Nel territorio del Comune di Pabillonis sono presenti importanti testimonianze archeologiche di età nuragica, che ultimamente sono state oggetto di attenzione particolare nello studio e analisi storica nonché di azioni finalizzate alla loro conservazione e valorizzazione. «È intenzione dell'amministrazione comunale», rimarca il sindaco Riccardo Sanna e l’assessore alle risorse archeologiche Marco Sanna, «che tali beni siano fruibili dai cittadini, aperti al turismo e che si intraprendano tutte le azioni possibili alla loro riscoperta, dopo mesi di lavoro che hanno visto l'impegno assiduo dell'assessore alle risorse archeologiche Marco Sanna, degli amministratori, degli uffici comunali e dei professionisti incaricati, è stato istituito formalmente, con deliberazione unanime del Consiglio Comunale, il parco di rete denominato “Parco Archeologico Pabillonis”». In una relazione ricca e dettagliata presentata dal dottor  Fabrizio Fanari si evidenzia come nel territorio di Pabillonis sia possibile riconoscere e visitare il sito di otto nuraghi con i villaggi ad essi relativi, una tomba megalitica, una fonte romana di probabile origine preistorica, un ponte romano, due chiese medievali campestri costruite sopra le strutture nuragiche.  In più nel territorio di Pabillonis molti insediamenti risalgono all’antichità cn la presenza dell’uomo e dei villaggi favorita dalla posizione geografica pianeggiante e attraversata da diversi corsi d’acqua.
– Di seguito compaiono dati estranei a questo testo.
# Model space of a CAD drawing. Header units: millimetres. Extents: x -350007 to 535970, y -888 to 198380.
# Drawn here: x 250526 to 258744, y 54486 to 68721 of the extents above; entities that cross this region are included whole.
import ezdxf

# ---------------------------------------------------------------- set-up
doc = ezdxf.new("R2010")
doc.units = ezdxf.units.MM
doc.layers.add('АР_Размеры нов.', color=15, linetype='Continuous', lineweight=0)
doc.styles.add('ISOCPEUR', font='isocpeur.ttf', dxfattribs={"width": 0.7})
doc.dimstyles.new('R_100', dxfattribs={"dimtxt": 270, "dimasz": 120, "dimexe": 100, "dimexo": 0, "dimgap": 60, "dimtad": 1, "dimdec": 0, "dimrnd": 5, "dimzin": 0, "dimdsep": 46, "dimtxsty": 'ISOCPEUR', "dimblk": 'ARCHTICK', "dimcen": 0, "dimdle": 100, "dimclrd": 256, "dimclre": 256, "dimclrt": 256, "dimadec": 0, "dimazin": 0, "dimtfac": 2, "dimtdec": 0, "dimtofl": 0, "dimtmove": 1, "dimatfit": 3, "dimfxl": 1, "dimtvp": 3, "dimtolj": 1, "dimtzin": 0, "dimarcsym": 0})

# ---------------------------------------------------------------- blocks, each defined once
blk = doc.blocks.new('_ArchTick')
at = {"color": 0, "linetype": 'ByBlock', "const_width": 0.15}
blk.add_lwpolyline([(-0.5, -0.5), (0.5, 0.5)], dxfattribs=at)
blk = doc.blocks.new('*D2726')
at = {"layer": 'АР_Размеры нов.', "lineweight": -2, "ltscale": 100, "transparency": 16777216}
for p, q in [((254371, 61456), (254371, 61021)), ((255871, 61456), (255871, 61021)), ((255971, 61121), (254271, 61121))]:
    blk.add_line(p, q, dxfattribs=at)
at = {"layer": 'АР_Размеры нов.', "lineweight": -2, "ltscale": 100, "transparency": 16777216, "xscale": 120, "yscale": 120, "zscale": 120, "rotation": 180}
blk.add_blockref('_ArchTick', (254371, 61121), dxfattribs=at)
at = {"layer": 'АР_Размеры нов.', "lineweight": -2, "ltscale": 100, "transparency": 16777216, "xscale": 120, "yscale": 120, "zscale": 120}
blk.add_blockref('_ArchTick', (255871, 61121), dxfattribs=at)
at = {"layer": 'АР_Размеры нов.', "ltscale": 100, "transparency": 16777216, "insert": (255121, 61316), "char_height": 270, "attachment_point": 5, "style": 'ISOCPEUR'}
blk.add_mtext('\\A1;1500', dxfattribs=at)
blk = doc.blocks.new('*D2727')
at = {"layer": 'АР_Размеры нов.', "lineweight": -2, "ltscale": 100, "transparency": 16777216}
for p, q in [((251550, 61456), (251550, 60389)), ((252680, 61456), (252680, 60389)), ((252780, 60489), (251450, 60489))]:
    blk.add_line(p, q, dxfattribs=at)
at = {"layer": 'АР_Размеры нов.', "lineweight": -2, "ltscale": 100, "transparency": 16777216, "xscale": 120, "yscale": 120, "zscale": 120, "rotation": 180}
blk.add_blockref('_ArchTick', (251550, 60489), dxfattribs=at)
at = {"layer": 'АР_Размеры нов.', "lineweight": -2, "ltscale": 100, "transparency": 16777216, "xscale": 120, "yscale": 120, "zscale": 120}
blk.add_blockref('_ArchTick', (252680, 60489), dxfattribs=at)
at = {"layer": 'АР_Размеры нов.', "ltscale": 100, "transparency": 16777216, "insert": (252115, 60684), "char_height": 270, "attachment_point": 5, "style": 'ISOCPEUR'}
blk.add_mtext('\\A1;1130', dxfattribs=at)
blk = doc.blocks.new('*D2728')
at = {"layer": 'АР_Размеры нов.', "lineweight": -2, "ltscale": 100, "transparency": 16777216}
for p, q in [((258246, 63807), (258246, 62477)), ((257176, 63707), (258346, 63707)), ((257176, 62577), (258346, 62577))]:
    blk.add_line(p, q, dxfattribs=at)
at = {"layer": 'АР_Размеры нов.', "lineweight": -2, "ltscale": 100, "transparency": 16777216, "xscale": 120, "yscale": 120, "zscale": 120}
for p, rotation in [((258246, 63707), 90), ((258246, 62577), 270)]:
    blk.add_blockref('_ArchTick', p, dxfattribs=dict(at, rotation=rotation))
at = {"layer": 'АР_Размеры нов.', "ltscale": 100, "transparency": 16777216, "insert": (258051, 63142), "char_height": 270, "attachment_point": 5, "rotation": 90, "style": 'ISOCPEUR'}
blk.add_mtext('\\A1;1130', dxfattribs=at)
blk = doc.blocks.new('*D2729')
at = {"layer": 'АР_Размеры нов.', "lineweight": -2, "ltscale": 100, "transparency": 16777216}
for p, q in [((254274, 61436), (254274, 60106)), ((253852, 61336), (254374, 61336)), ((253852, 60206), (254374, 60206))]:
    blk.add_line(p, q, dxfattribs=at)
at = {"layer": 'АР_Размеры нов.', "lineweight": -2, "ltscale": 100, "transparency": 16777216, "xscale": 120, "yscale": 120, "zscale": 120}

E Proprio uscendo dal centro abitato è possibile visitare il Nuraghe di San Lussorio, chiamato così per la vicinanza con un’antica chiesetta dedicata al Santo.  Questo nuraghe presenta  una costruzione complessa nella quale si riconoscono il bastione polilobato e alcune torri dell’antemurale con le cortine di raccordo. Proseguendo il cammino si incontra il Nuraxi Fenu all’interno del quale, durante gli scavi, furono ritrovati frammenti di ceramica romana ed una moneta databile al III sec d.C. che permette di ipotizzare una sporadica occupazione del sito tra il II ed il III secolo d.C. Un violento incendio segnò la fine dell'occupazione nuragica anche se fu sporadicamente frequentato nel periodo punico e romano. Renato Sechi ...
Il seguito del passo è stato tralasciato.